ChrisArchitect 2 hours ago
[dupe] https://news.ycombinator.com/item?id=48738938
[-]
- rtaylorgarlock 1 hour ago
  Have you ever been downvoted for calling 'dupe?' I once was downvoted after calling dupe on a link posted thrice. HN is an interesting place to hang out, that's for sure.
zuzululu 2 hours ago
I applaud mistral's efforts but reading this release made me realize that Europe is far far behind and that once the gap is solidified I don't think its recoverable in the same way Canada's brain drain had on its economy
The best and the brightest from Europe have no incentive to build in Europe when they can do it in America and be compensated and treated far better
nullc 4 hours ago
It would be nice if special purpose models provided a some diverse examples of exactly the input required to get its expected performance on a mix of problem types. Maybe also a document intended for LLMs to read that advises on prompt construction.

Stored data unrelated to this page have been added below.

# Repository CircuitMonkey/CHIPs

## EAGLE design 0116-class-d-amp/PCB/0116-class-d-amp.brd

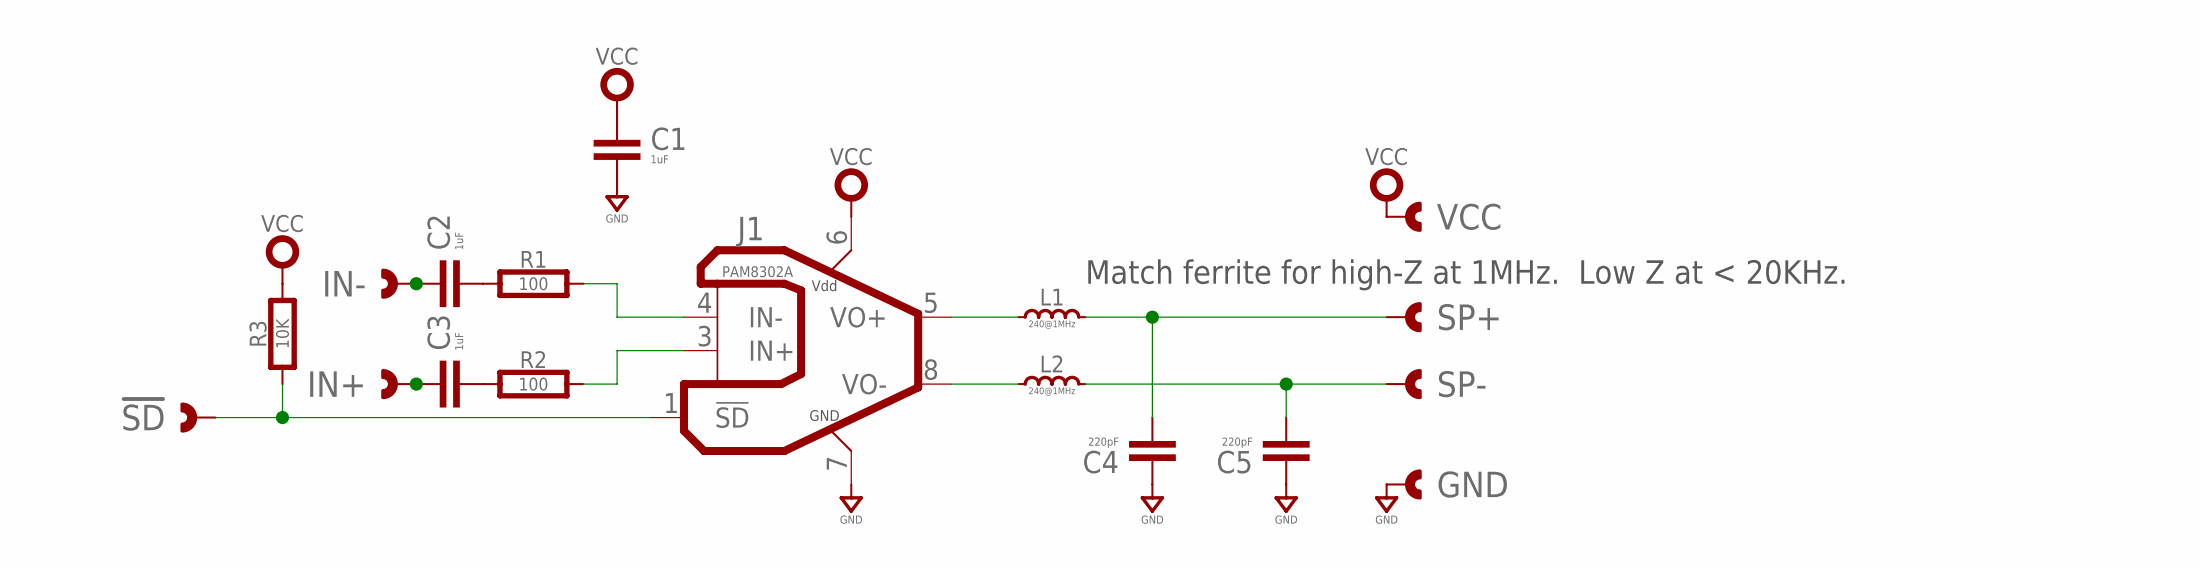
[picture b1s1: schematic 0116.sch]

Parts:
!SD: CAST-01X12.00MM; CAST01-2.00MM
C1, C2, C3: 1uF; 0402-CAP
C4, C5: 220pF; 0402-CAP
GND: CAST-01X12.00MM; CAST01-2.00MM
IN+: CAST-01X12.00MM; CAST01-2.00MM
IN-: CAST-01X12.00MM; CAST01-2.00MM
J1: PAM8302A; DFN-8-3X3
L1, L2: 240@1MHz; 0402-IND
R1, R2: 100; 0402-RES
R3: 10K; 0402-RES
SP+: CAST-01X12.00MM; CAST01-2.00MM
SP-: CAST-01X12.00MM; CAST01-2.00MM
VCC: CAST-01X12.00MM; CAST01-2.00MM

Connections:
!SD: !SD.1, !SD.P$1, !SD.P$2, J1.1 (!SD), R3.1
GND: C1.2, C4.1, C5.1, GND.1, GND.P$1, GND.P$2, J1.7 (GND)
unnamed: C2.2, R1.1
unnamed: C3.2, R2.1
unnamed: J1.4 (IN-), R1.2
unnamed: J1.3 (IN+), R2.2
unnamed: C4.2, L1.4 (2), SP+.1, SP+.P$1, SP+.P$2
unnamed: C2.1, IN-.1, IN-.P$1, IN-.P$2
unnamed: C3.1, IN+.1, IN+.P$1, IN+.P$2
unnamed: C5.2, L2.4 (2), SP-.1, SP-.P$1, SP-.P$2
unnamed: J1.5 (VO+), L1.3 (1)
unnamed: J1.8 (VO-), L2.3 (1)
VCC: C1.1, J1.6 (VDD), R3.2, VCC.1, VCC.P$1, VCC.P$2

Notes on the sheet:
Match ferrite for high-Z at 1MHz. Low Z at < 20KHz.

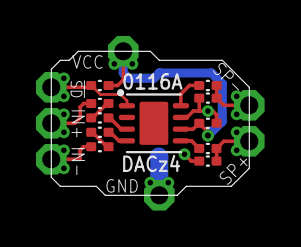
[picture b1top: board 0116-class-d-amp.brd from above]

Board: 2 copper layers, 11.0 x 8.0 mm, 18 parts (0 on the bottom side), 13 nets.

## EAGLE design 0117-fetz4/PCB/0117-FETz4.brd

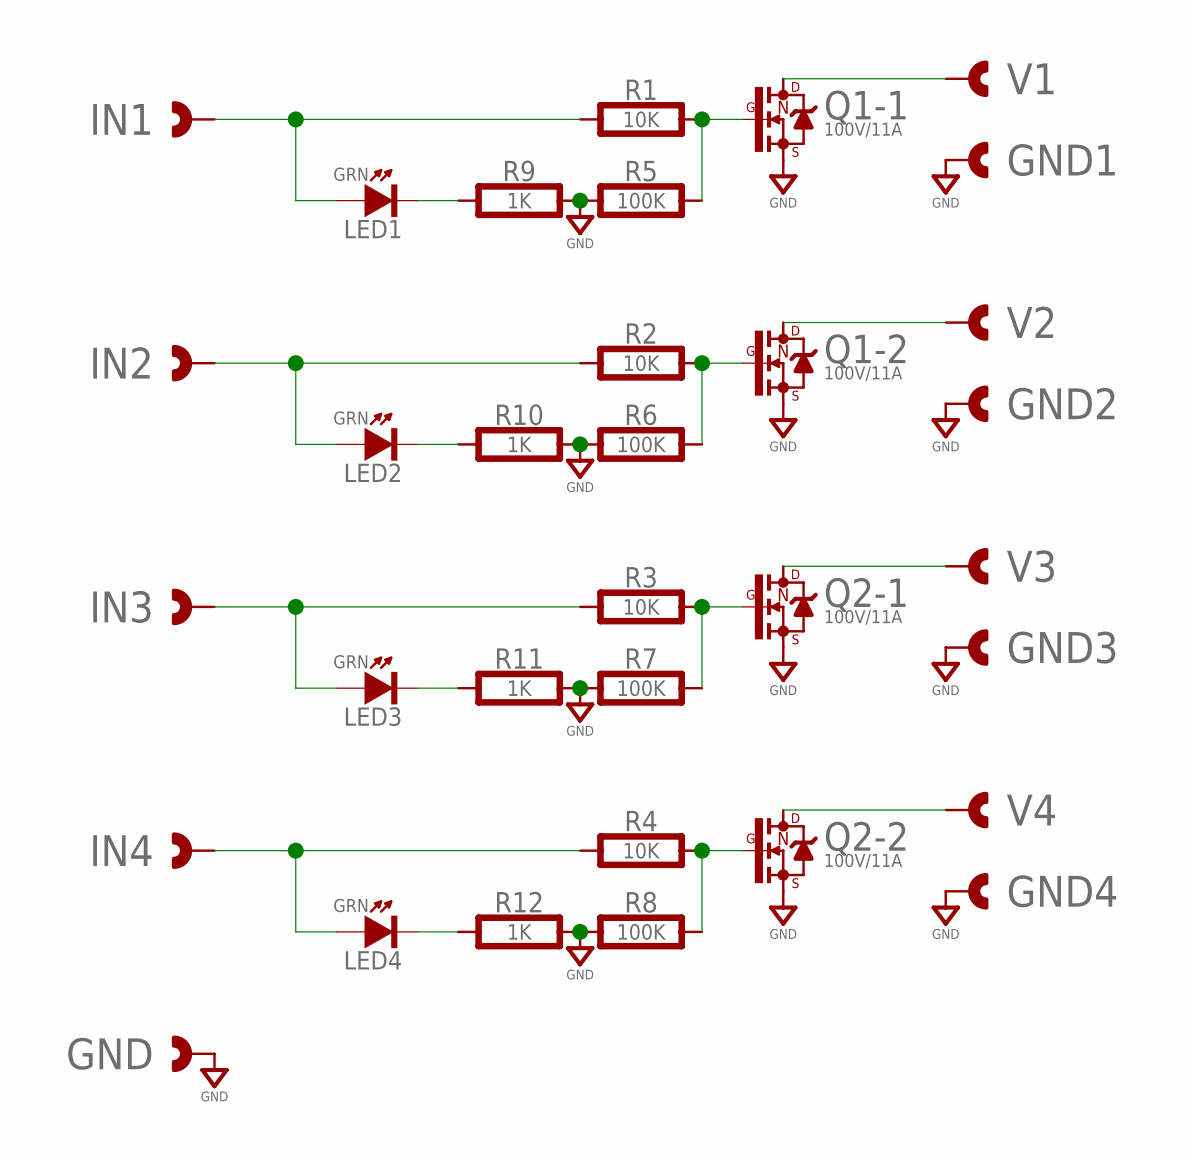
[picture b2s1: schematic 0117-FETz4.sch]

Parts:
GND, GND1, GND2, GND3, GND4: CAST-01X12.00MM; CAST01-2.00MM
IN1, IN2, IN3, IN4: CAST-01X12.00MM; CAST01-2.00MM
LED1, LED2, LED3, LED4: GRN; SMD_0603
Q1, Q2: 100V/11A; POWER_PAK-SO-8L-DUAL
R1, R2, R3, R4: 10K; 0603-RES
R5, R6, R7, R8: 100K; 0603-RES
R9, R10, R11, R12: 1K; 0603-RES
V1, V2, V3, V4: CAST-01X12.00MM; CAST01-2.00MM

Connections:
GND: GND.1, GND.P$1, GND.P$2, GND1.1, GND1.P$1, GND1.P$2, GND2.1, GND2.P$1, GND2.P$2, GND3.1, GND3.P$1, GND3.P$2, GND4.1, GND4.P$1, GND4.P$2, Q1.S1 (S), Q1.S2 (S), Q2.S1 (S), Q2.S2 (S), R5.1, R6.1, R7.1, R8.1, R9.2, R10.2, R11.2, R12.2
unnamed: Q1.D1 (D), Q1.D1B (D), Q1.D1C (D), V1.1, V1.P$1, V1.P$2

I've found that you can get wildly different quality results from these sorts of models due to seemingly insignificant differences in prompt construction. It would be much easier to guess at what it wants if I could just see some RL transcripts -- and so the model author is in a much better position to provide initial advice.
moonset 3 hours ago
I gave Codex with GPT-5.5 High this prompt:
```
    Identify bugs in [datrs/varinteger](https://github.com/datrs/varinteger) . Do NOT look at the GitHub issues, just inspect the source
```
It also found the bug that Leanstral 1.5 found and the authors highlighted. I think this bug wasn't especially tricky; it's just a case of too few eyeballs on this repo.
Congrats on the release regardless! Excited for the direction Lean + automated AI proofs are headed.
Disclosure: I work at OpenAI.
[-]
- adev_ 2 hours ago
  > It also found the bug that Leanstral 1.5 found and the authors highlighted
  This is a little bit like someone pointing the moon and you look at the finger.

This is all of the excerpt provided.